In this way, in the second embodiment, the fluid force acting in the rotational direction around the axis of the rotary valve 8A can be measured.

In addition, in this second embodiment, the case where the one-way valve type rotary valve 8A is measured is explained as an example, but it is also possible to measure the fluid force acting on other spool valves such as two-way valves and four-way valves. . However, in this case, the valve sleeve 7 will of course be replaced with one that is compatible with this. Further, the strain gauge used in the first and second embodiments may be replaced with other piezoelectric elements or the like.

(Effects of the invention) The present invention eliminates the influence of other transmission systems that should be linked to the valve and the influence of the driving force for operating the valve, and reduces only the fluid force of the controlled fluid acting on the valve. Can be detected and measured.

Furthermore, it is possible to accurately grasp the correspondence between this fluid force and the amount of displacement of the valve.

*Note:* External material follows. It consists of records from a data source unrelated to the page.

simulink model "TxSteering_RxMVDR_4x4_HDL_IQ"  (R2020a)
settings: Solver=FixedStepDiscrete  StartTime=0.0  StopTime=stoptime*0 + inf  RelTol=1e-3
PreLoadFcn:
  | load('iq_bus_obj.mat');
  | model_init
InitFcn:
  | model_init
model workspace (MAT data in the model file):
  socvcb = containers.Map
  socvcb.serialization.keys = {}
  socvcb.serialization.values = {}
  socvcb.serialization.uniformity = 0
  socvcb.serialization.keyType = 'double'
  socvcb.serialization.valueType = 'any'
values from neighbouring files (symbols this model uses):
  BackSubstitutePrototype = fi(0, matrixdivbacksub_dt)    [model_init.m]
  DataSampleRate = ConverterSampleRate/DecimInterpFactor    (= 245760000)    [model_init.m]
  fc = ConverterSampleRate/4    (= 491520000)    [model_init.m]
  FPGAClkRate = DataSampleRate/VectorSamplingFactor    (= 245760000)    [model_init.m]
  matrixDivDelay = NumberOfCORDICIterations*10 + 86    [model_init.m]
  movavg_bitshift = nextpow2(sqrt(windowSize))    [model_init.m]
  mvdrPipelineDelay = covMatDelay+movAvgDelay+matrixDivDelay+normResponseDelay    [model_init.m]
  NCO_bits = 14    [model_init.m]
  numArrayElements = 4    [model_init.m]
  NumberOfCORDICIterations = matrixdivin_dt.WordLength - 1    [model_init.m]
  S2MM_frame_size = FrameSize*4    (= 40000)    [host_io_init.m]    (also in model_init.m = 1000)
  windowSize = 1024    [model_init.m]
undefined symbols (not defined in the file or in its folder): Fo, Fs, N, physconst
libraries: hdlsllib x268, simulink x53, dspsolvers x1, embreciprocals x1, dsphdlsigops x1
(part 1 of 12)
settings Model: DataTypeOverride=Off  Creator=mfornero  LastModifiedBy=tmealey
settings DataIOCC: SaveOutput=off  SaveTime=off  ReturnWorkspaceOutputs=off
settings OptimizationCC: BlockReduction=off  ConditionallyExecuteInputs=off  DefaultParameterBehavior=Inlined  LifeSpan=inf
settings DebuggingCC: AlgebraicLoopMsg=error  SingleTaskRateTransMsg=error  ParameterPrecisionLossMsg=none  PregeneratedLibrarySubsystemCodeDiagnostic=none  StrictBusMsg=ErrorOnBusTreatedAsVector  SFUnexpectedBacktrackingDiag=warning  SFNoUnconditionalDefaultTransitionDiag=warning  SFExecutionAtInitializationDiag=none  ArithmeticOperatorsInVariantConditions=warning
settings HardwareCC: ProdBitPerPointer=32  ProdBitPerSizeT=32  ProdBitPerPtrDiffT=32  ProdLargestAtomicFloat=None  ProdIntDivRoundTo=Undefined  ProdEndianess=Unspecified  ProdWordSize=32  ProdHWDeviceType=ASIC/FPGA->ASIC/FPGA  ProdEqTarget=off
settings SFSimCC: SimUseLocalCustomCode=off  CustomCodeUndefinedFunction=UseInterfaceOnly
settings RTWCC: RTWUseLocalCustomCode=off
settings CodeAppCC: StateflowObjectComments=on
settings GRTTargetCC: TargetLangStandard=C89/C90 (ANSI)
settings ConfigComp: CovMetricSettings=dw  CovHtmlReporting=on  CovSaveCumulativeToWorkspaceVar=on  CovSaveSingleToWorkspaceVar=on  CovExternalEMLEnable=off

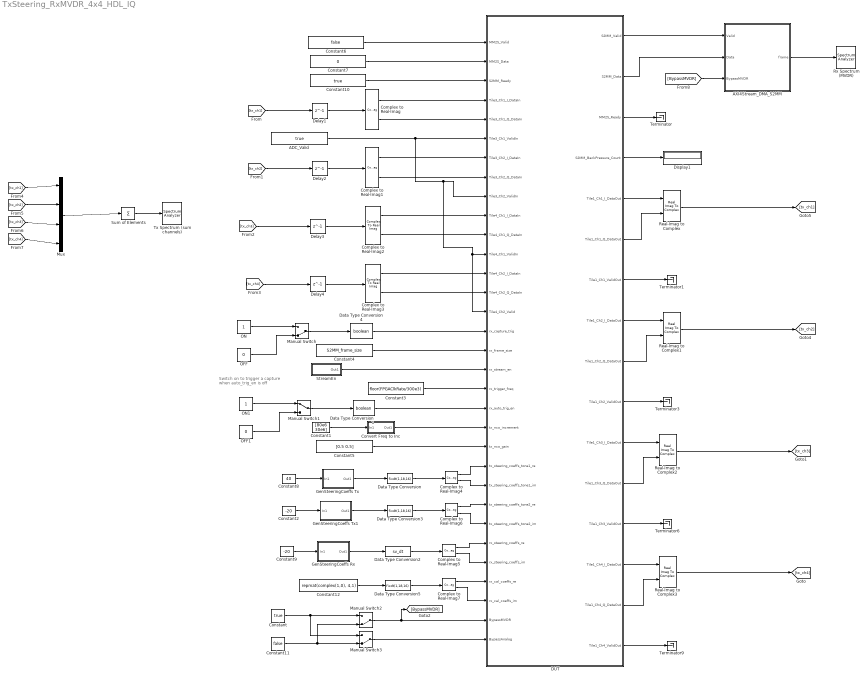
== system TxSteering_RxMVDR_4x4_HDL_IQ ==
  note: Switch on to trigger a capture
      | when auto_trig_en is off
  ADC_Valid : Constant  Value=true  SampleTime=-1
  AXI4Stream_DMA_S2MM : Subsystem
  Complex to Real-Imag{,1..7} (8 alike) : ComplexToRealImag
  Constant : Constant  Value=true  SampleTime=-1
  Constant1 : Constant  Value=[80e6 30e6]  OutDataTypeStr=double  SampleTime=-1
  Constant10 : Constant  Value=true  SampleTime=-1
  Constant11 : Constant  Value=false  SampleTime=-1
  Constant12 : Constant  Value=repmat(complex(1,0), 4,1)  OutDataTypeStr=double  SampleTime=-1
  Constant2 : Constant  Value=-20  OutDataTypeStr=double  SampleTime=-1
  Constant3 : Constant  Value=floor(FPGAClkRate/300e3)  OutDataTypeStr=uint32  SampleTime=-1
  Constant4 : Constant  Value=S2MM_frame_size  OutDataTypeStr=uint32  SampleTime=-1
  Constant5 : Constant  Value=[0.5 0.5]  OutDataTypeStr=fixdt(1,NCO_gain_bits,NCO_gain_bits-1)  SampleTime=-1
  Constant6 : Constant  Value=false  SampleTime=-1
  Constant7 : Constant  Value=0  OutDataTypeStr=fixdt(0,128,0)  SampleTime=-1
  Constant8 : Constant  Value=40  OutDataTypeStr=double  SampleTime=-1
  Constant9 : Constant  Value=-20  OutDataTypeStr=double  SampleTime=-1
  Convert Freq to Inc : Subsystem
  DUT : Subsystem  TreatAsAtomicUnit=on
  Data Type Conversion : DataTypeConversion  OutDataTypeStr=fixdt(1,18,16)
  Data Type Conversion1 : DataTypeConversion  OutDataTypeStr=boolean
  Data Type Conversion2 : DataTypeConversion  OutDataTypeStr=sv_dt
  Data Type Conversion3 : DataTypeConversion  OutDataTypeStr=fixdt(1,18,16)
  Data Type Conversion4 : DataTypeConversion  OutDataTypeStr=boolean
  Data Type Conversion5 : DataTypeConversion  OutDataTypeStr=fixdt(1,18,16)
  Delay{1..4} (4 alike) : Delay  DelayLength=1
  Display1 : Display
  GenSteeringCoeffs Rx : Subsystem
  GenSteeringCoeffs Tx : Subsystem
  GenSteeringCoeffs Tx1 : Subsystem
  Manual Switch : ManualSwitch  CurrentSetting=0
  Manual Switch1 : ManualSwitch
  Manual Switch2 : ManualSwitch  CurrentSetting=0
  Manual Switch3 : ManualSwitch  CurrentSetting=0
  Mux : Mux
  OFF : Constant  Value=0  OutDataTypeStr=boolean  SampleTime=-1
  OFF1 : Constant  Value=0  OutDataTypeStr=boolean  SampleTime=-1
  ON : Constant  OutDataTypeStr=boolean  SampleTime=-1
  ON1 : Constant  OutDataTypeStr=boolean  SampleTime=-1
  Real-Imag to Complex{,1..3} (4 alike) : RealImagToComplex
  Rx Spectrum (MVDR) : SpectrumAnalyzer
  StreamEn : Subsystem
  Sum of Elements : Sum  Inputs=+
  Terminator{,1,3,6,9} (5 alike) : Terminator
  Tx Spectrum (sum channels) : SpectrumAnalyzer
  wires:
  Real-Imag to Complex/1 -> [tx_ch1]
  DUT/2(S2MM_Data) -> AXI4Stream_DMA_S2MM/2(Data)
  Complex to Real-Imag3/2 -> DUT/14(Tile4_Ch2_Q_DataIn)
  Real-Imag to Complex2/1 -> [tx_ch3]
  Complex to Real-Imag4/2 -> DUT/24(tx_steering_coeffs_tone1_im)
  Real-Imag to Complex3/1 -> [tx_ch4]
  Manual Switch3/1 -> DUT/32(BypassAnalog)
  DUT/4(S2MM_BackPressure_Count) -> Display1/1
  Sum of Elements/1 -> Tx Spectrum (sum channels)/1
  Manual Switch2/1 -> [BypassMVDR], DUT/31(BypassMVDR)
  GenSteeringCoeffs Rx/1(Out1) -> Data Type Conversion2/1
  Complex to Real-Imag5/2 -> DUT/28(rx_steering_coeffs_im)
  Real-Imag to Complex1/1 -> [tx_ch2]
  Complex to Real-Imag6/2 -> DUT/26(tx_steering_coeffs_tone2_im)
  Complex to Real-Imag6/1 -> DUT/25(tx_steering_coeffs_tone2_re)
  Complex to Real-Imag5/1 -> DUT/27(rx_steering_coeffs_re)
  Constant2/1 -> GenSteeringCoeffs Tx1/1(In1)
  Convert Freq to Inc/1(Out1) -> DUT/21(tx_nco_increment)
  GenSteeringCoeffs Tx1/1(Out1) -> Data Type Conversion3/1
  Constant7/1 -> DUT/2(MM2S_Data)
  Data Type Conversion3/1 -> Complex to Real-Imag6/1
  [tx_ch4] -> Mux/4
  [tx_ch3] -> Mux/3
  Constant1/1 -> Convert Freq to Inc/1(In1)
  [tx_ch1] -> Mux/1
  [tx_ch2] -> Mux/2
  DUT/7(Tile1_Ch1_ValidOut) -> Terminator1/1
  Mux/1 -> Sum of Elements/1
  AXI4Stream_DMA_S2MM/1(frame) -> Rx Spectrum (MVDR)/1
  DUT/12(Tile1_Ch3_Q_DataOut) -> Real-Imag to Complex2/2
  Constant9/1 -> GenSteeringCoeffs Rx/1(In1)
  Complex to Real-Imag4/1 -> DUT/23(tx_steering_coeffs_tone1_re)
  Data Type Conversion2/1 -> Complex to Real-Imag5/1
  GenSteeringCoeffs Tx/1(Out1) -> Data Type Conversion/1
  Data Type Conversion/1 -> Complex to Real-Imag4/1
  Delay3/1 -> Complex to Real-Imag2/1
  Constant8/1 -> GenSteeringCoeffs Tx/1(In1)
  Constant5/1 -> DUT/22(tx_nco_gain)
  Constant6/1 -> DUT/1(MM2S_Valid)
  DUT/16(Tile1_Ch4_ValidOut) -> Terminator9/1
  Delay4/1 -> Complex to Real-Imag3/1
  [tx_ch4] -> Delay4/1
  Complex to Real-Imag1/1 -> DUT/7(Tile3_Ch2_I_DataIn)
  Complex to Real-Imag3/1 -> DUT/13(Tile4_Ch2_I_DataIn)
  Complex to Real-Imag2/2 -> DUT/11(Tile4_Ch1_Q_DataIn)
  Delay2/1 -> Complex to Real-Imag1/1
  Complex to Real-Imag2/1 -> DUT/10(Tile4_Ch1_I_DataIn)
  [tx_ch3] -> Delay3/1
  [tx_ch2] -> Delay2/1
  Complex to Real-Imag1/2 -> DUT/8(Tile3_Ch2_Q_DataIn)
  [tx_ch1] -> Delay1/1
  DUT/15(Tile1_Ch4_Q_DataOut) -> Real-Imag to Complex3/2
  DUT/14(Tile1_Ch4_I_DataOut) -> Real-Imag to Complex3/1
  DUT/10(Tile1_Ch2_ValidOut) -> Terminator3/1
  DUT/13(Tile1_Ch3_ValidOut) -> Terminator6/1
  DUT/11(Tile1_Ch3_I_DataOut) -> Real-Imag to Complex2/1
  Delay1/1 -> Complex to Real-Imag/1
  DUT/8(Tile1_Ch2_I_DataOut) -> Real-Imag to Complex1/1
  DUT/9(Tile1_Ch2_Q_DataOut) -> Real-Imag to Complex1/2
  DUT/5(Tile1_Ch1_I_DataOut) -> Real-Imag to Complex/1
  DUT/6(Tile1_Ch1_Q_DataOut) -> Real-Imag to Complex/2
  Complex to Real-Imag/2 -> DUT/5(Tile3_Ch1_Q_DataIn)
  Complex to Real-Imag/1 -> DUT/4("Tile3_Ch1_I_DataIn ")
  Constant10/1 -> DUT/3(S2MM_Ready)
  DUT/3(MM2S_Ready) -> Terminator/1
  DUT/1(S2MM_Valid) -> AXI4Stream_DMA_S2MM/1(Valid)
  Manual Switch1/1 -> Data Type Conversion1/1
  ON1/1 -> Manual Switch1/1
  OFF1/1 -> Manual Switch1/2
  Data Type Conversion1/1 -> DUT/20(rx_auto_trig_en)
  Constant3/1 -> DUT/19(rx_trigger_freq)
  StreamEn/1(Out1) -> DUT/18(rx_stream_en)
  OFF/1 -> Manual Switch/2
  ON/1 -> Manual Switch/1
  Manual Switch/1 -> Data Type Conversion4/1
  Constant4/1 -> DUT/17(rx_frame_size)
  Data Type Conversion4/1 -> DUT/16(rx_capture_trig)
  ADC_Valid/1 -> DUT/6(Tile3_Ch1_ValidIn), DUT/15(Tile4_Ch2_Valid), DUT/12(Tile4_Ch1_ValidIn), DUT/9(Tile3_Ch2_ValidIn)
  Constant/1 -> Manual Switch3/1, Manual Switch2/1
  Constant11/1 -> Manual Switch2/2, Manual Switch3/2
  [BypassMVDR] -> AXI4Stream_DMA_S2MM/3(BypassMVDR)
  Data Type Conversion5/1 -> Complex to Real-Imag7/1
  Complex to Real-Imag7/1 -> DUT/29(rx_cal_coeffs_re)
  Complex to Real-Imag7/2 -> DUT/30(rx_cal_coeffs_im)
  Constant12/1 -> Data Type Conversion5/1

== system TxSteering_RxMVDR_4x4_HDL_IQ/AXI4Stream_DMA_S2MM ==
  Valid : Inport
  Data : Inport  Port=2
  BypassMVDR : Inport  Port=3
  Display : Display
  Display1 : Display
  ForCalibration : Subsystem
  HDL Counter : hdlsllib/Sources/HDL Counter  CountType=Free running  CountInit=0  CountStep=1  CountMax=25  CountFromType=Initial value  CountFrom=0  CountResetPort=off  CountLoadPort=off  CountEnbPort=on  CountDirPort=off  CountDataType=Unsigned  CountWordLen=32  CountFracLen=0  CountSampTime=1
  HDL Counter1 : hdlsllib/Sources/HDL Counter  CountType=Free running  CountInit=0  CountStep=1  CountMax=25  CountFromType=Initial value  CountFrom=0  CountResetPort=off  CountLoadPort=off  CountEnbPort=on  CountDirPort=off  CountDataType=Unsigned  CountWordLen=32  CountFracLen=0  CountSampTime=1
  Logical Operator : Logic  AllPortsSameDT=off  OutDataTypeStr=boolean
  ProcessDataFrame : Subsystem
  "S2MM DMA plant " : Subsystem  mask{FRAME_SIZE=S2MM_frame_size}
      mask prompts: FRAME_SIZE "Frame size:"
  frame : Outport
  wires:
  "S2MM DMA plant "/2(frame_valid) -> HDL Counter1/1, Logical Operator/1, ProcessDataFrame/Enable
  Data/1 -> "S2MM DMA plant "/1(data_in)
  Valid/1 -> HDL Counter/1, "S2MM DMA plant "/2(valid_in)
  ProcessDataFrame/1(Out1) -> frame/1
  BypassMVDR/1 -> Logical Operator/2
  Logical Operator/1 -> ForCalibration/Enable
  "S2MM DMA plant "/1(frame_data) -> ProcessDataFrame/1(In1), ForCalibration/1(In1)
  HDL Counter/1 -> Display/1
  HDL Counter1/1 -> Display1/1

== system TxSteering_RxMVDR_4x4_HDL_IQ/Convert Freq to Inc ==
  In1 : Inport
  Data Type Conversion : DataTypeConversion  OutDataTypeStr=fixdt(0,NCO_bits,0)
  Floor : Rounding
  Gain : Gain  Gain=2^NCO_bits/DataSampleRate
  Out1 : Outport
  wires:
  In1/1 -> Gain/1
  Gain/1 -> Floor/1
  Floor/1 -> Data Type Conversion/1
  Data Type Conversion/1 -> Out1/1

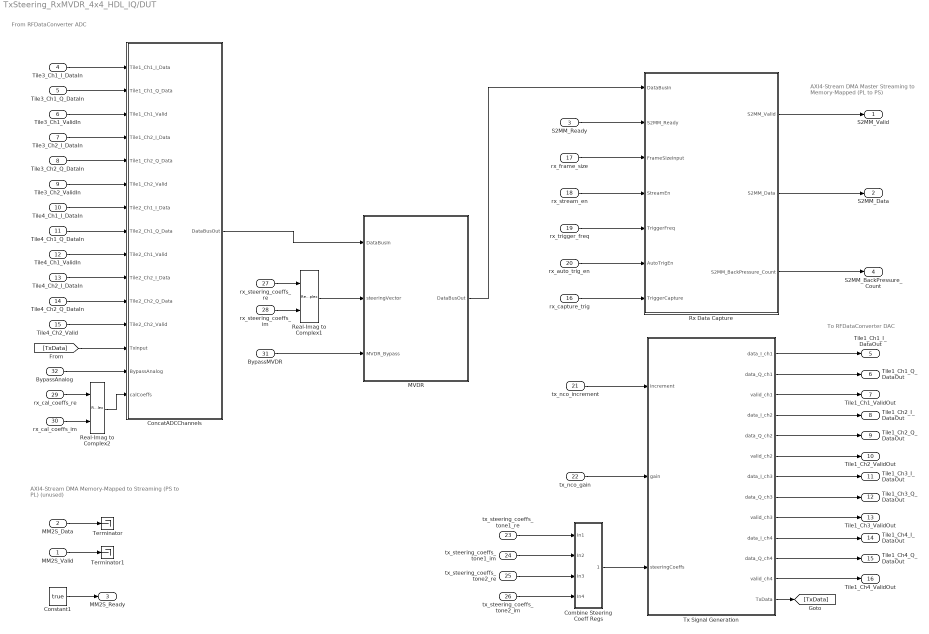
== system TxSteering_RxMVDR_4x4_HDL_IQ/DUT ==
  note: AXI4-Stream DMA Master
      | Streaming to Memory-Mapped (PL to PS)
  note: AXI4-Stream DMA
      | Memory-Mapped to Streaming (PS to PL)
      | (unused)
  note: From RFDataConverter ADC
  note: To RFDataConverter DAC
  MM2S_Valid : Inport
  MM2S_Data : Inport  Port=2
  S2MM_Ready : Inport  Port=3
  "Tile3_Ch1_I_DataIn " : Inport  Port=4
  Tile3_Ch1_Q_DataIn : Inport  Port=5
  Tile3_Ch1_ValidIn : Inport  Port=6
  Tile3_Ch2_I_DataIn : Inport  Port=7
  Tile3_Ch2_Q_DataIn : Inport  Port=8
  Tile3_Ch2_ValidIn : Inport  Port=9
  Tile4_Ch1_I_DataIn : Inport  Port=10
  Tile4_Ch1_Q_DataIn : Inport  Port=11
  Tile4_Ch1_ValidIn : Inport  Port=12
  Tile4_Ch2_I_DataIn : Inport  Port=13
  Tile4_Ch2_Q_DataIn : Inport  Port=14
  Tile4_Ch2_Valid : Inport  Port=15
  rx_capture_trig : Inport  Port=16
  rx_frame_size : Inport  Port=17
  rx_stream_en : Inport  Port=18
  rx_trigger_freq : Inport  Port=19
  rx_auto_trig_en : Inport  Port=20
  tx_nco_increment : Inport  Port=21  OutDataTypeStr=fixdt(0,NCO_bits,0)
  tx_nco_gain : Inport  Port=22  OutDataTypeStr=fixdt(1,NCO_gain_bits,NCO_gain_bits-1)
  tx_steering_coeffs_tone1_re : Inport  Port=23  PortDimensions=NumChan
  tx_steering_coeffs_tone1_im : Inport  Port=24  PortDimensions=NumChan
  tx_steering_coeffs_tone2_re : Inport  Port=25  PortDimensions=NumChan
  tx_steering_coeffs_tone2_im : Inport  Port=26  PortDimensions=NumChan
  rx_steering_coeffs_re : Inport  Port=27  PortDimensions=NumChan
  rx_steering_coeffs_im : Inport  Port=28  PortDimensions=NumChan
  rx_cal_coeffs_re : Inport  Port=29  PortDimensions=NumChan
  rx_cal_coeffs_im : Inport  Port=30  PortDimensions=NumChan
  BypassMVDR : Inport  Port=31
  BypassAnalog : Inport  Port=32
  Combine Steering Coeff Regs : Subsystem
  ConcatADCChannels : Subsystem
  Constant1 : Constant  Value=true  OutDataTypeStr=boolean  SampleTime=-1
  MVDR : Subsystem
  Real-Imag to Complex1 : RealImagToComplex
  Real-Imag to Complex2 : RealImagToComplex
  Rx Data Capture : Subsystem
  Terminator : Terminator
  Terminator1 : Terminator
  Tx Signal Generation : Subsystem
  S2MM_Valid : Outport  VectorParamsAs1DForOutWhenUnconnected=off
  S2MM_Data : Outport  Port=2  VectorParamsAs1DForOutWhenUnconnected=off
  MM2S_Ready : Outport  Port=3  VectorParamsAs1DForOutWhenUnconnected=off
  S2MM_BackPressure_Count : Outport  Port=4  VectorParamsAs1DForOutWhenUnconnected=off
  Tile1_Ch1_I_DataOut : Outport  Port=5  VectorParamsAs1DForOutWhenUnconnected=off
  Tile1_Ch1_Q_DataOut : Outport  Port=6  VectorParamsAs1DForOutWhenUnconnected=off
  Tile1_Ch1_ValidOut : Outport  Port=7  VectorParamsAs1DForOutWhenUnconnected=off
  Tile1_Ch2_I_DataOut : Outport  Port=8  VectorParamsAs1DForOutWhenUnconnected=off
  Tile1_Ch2_Q_DataOut : Outport  Port=9  VectorParamsAs1DForOutWhenUnconnected=off
  Tile1_Ch2_ValidOut : Outport  Port=10  VectorParamsAs1DForOutWhenUnconnected=off
  Tile1_Ch3_I_DataOut : Outport  Port=11  VectorParamsAs1DForOutWhenUnconnected=off
  Tile1_Ch3_Q_DataOut : Outport  Port=12  VectorParamsAs1DForOutWhenUnconnected=off
  Tile1_Ch3_ValidOut : Outport  Port=13  VectorParamsAs1DForOutWhenUnconnected=off
  Tile1_Ch4_I_DataOut : Outport  Port=14  VectorParamsAs1DForOutWhenUnconnected=off
  Tile1_Ch4_Q_DataOut : Outport  Port=15  VectorParamsAs1DForOutWhenUnconnected=off
  Tile1_Ch4_ValidOut : Outport  Port=16  VectorParamsAs1DForOutWhenUnconnected=off
  wires:
  Constant1/1 -> MM2S_Ready/1
  S2MM_Ready/1 -> Rx Data Capture/2(S2MM_Ready)
  rx_frame_size/1 -> Rx Data Capture/3(FrameSizeInput)
  rx_stream_en/1 -> Rx Data Capture/4(StreamEn)
  rx_trigger_freq/1 -> Rx Data Capture/5(TriggerFreq)
  rx_auto_trig_en/1 -> Rx Data Capture/6(AutoTrigEn)
  rx_capture_trig/1 -> Rx Data Capture/7(TriggerCapture)
  Rx Data Capture/1(S2MM_Valid) -> S2MM_Valid/1
  Rx Data Capture/2(S2MM_Data) -> S2MM_Data/1
  Rx Data Capture/3(S2MM_BackPressure_Count) -> S2MM_BackPressure_Count/1
  "Tile3_Ch1_I_DataIn "/1 -> ConcatADCChannels/1("Tile1_Ch1_I_Data ")
  Tile3_Ch1_ValidIn/1 -> ConcatADCChannels/3(Tile1_Ch1_Valid)
  Tile3_Ch1_Q_DataIn/1 -> ConcatADCChannels/2(Tile1_Ch1_Q_Data)
  Tile3_Ch2_I_DataIn/1 -> ConcatADCChannels/4(Tile1_Ch2_I_Data)
  Tile3_Ch2_ValidIn/1 -> ConcatADCChannels/6(Tile1_Ch2_Valid)
  Tile3_Ch2_Q_DataIn/1 -> ConcatADCChannels/5(Tile1_Ch2_Q_Data)
  Tile4_Ch1_I_DataIn/1 -> ConcatADCChannels/7(Tile2_Ch1_I_Data)
  Tile4_Ch1_ValidIn/1 -> ConcatADCChannels/9(Tile2_Ch1_Valid)
  Tile4_Ch1_Q_DataIn/1 -> ConcatADCChannels/8(Tile2_Ch1_Q_Data)
  Tile4_Ch2_I_DataIn/1 -> ConcatADCChannels/10(Tile2_Ch2_I_Data)
  Tile4_Ch2_Valid/1 -> ConcatADCChannels/12(Tile2_Ch2_Valid)
  Tile4_Ch2_Q_DataIn/1 -> ConcatADCChannels/11(Tile2_Ch2_Q_Data)
  MM2S_Data/1 -> Terminator/1
  MM2S_Valid/1 -> Terminator1/1
  Tx Signal Generation/1(data_I_ch1) -> Tile1_Ch1_I_DataOut/1
  Tx Signal Generation/2(data_Q_ch1) -> Tile1_Ch1_Q_DataOut/1
  tx_nco_increment/1 -> Tx Signal Generation/1(increment)
  tx_nco_gain/1 -> Tx Signal Generation/2(gain)
  Tx Signal Generation/3(valid_ch1) -> Tile1_Ch1_ValidOut/1
  Tx Signal Generation/4(data_I_ch2) -> Tile1_Ch2_I_DataOut/1
  Tx Signal Generation/5(data_Q_ch2) -> Tile1_Ch2_Q_DataOut/1
  Tx Signal Generation/6(valid_ch2) -> Tile1_Ch2_ValidOut/1
  Tx Signal Generation/7(data_I_ch3) -> Tile1_Ch3_I_DataOut/1
  Tx Signal Generation/8(data_Q_ch3) -> Tile1_Ch3_Q_DataOut/1
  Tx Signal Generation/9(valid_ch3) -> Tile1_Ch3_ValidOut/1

[Brief explanation of the drawing]

Fig. 1 is an explanatory diagram showing the state in which fluid force acts on the valve, Fig. 2 is a side sectional view showing the first embodiment of the invention, and Fig. 3 is a side sectional view showing the second embodiment of the invention. , FIG. 4 is an explanatory diagram showing the measurement results of the amount of movement of the spool valve and the fluid force. 10,10A...load cell, 15...strength gauge, 17...threaded rod, 18...handle,
19...differential transformer, 20...potentiometer.

Claims (1)

[Claims for Utility Model Registration] A fluid force measuring device comprising a fluid control valve housed in a valve housing equipped with a flow path system for controlled fluid such as a pump port, reservoir port, and outflow port, The valve is connected to a valve displacement member which can be displaced by any amount in the same direction as the operating direction of the valve and can be fixed at any displacement position through an elastic member to which a strain gauge is attached, A fluid control valve comprising: a mechanism for measuring the amount of displacement of the valve displacement member; and a mechanism for measuring the force that displaces the valve relative to the valve displacement member as the amount of strain deformation of the elastic member. A fluid force measurement device for a controlled fluid acting on a fluid.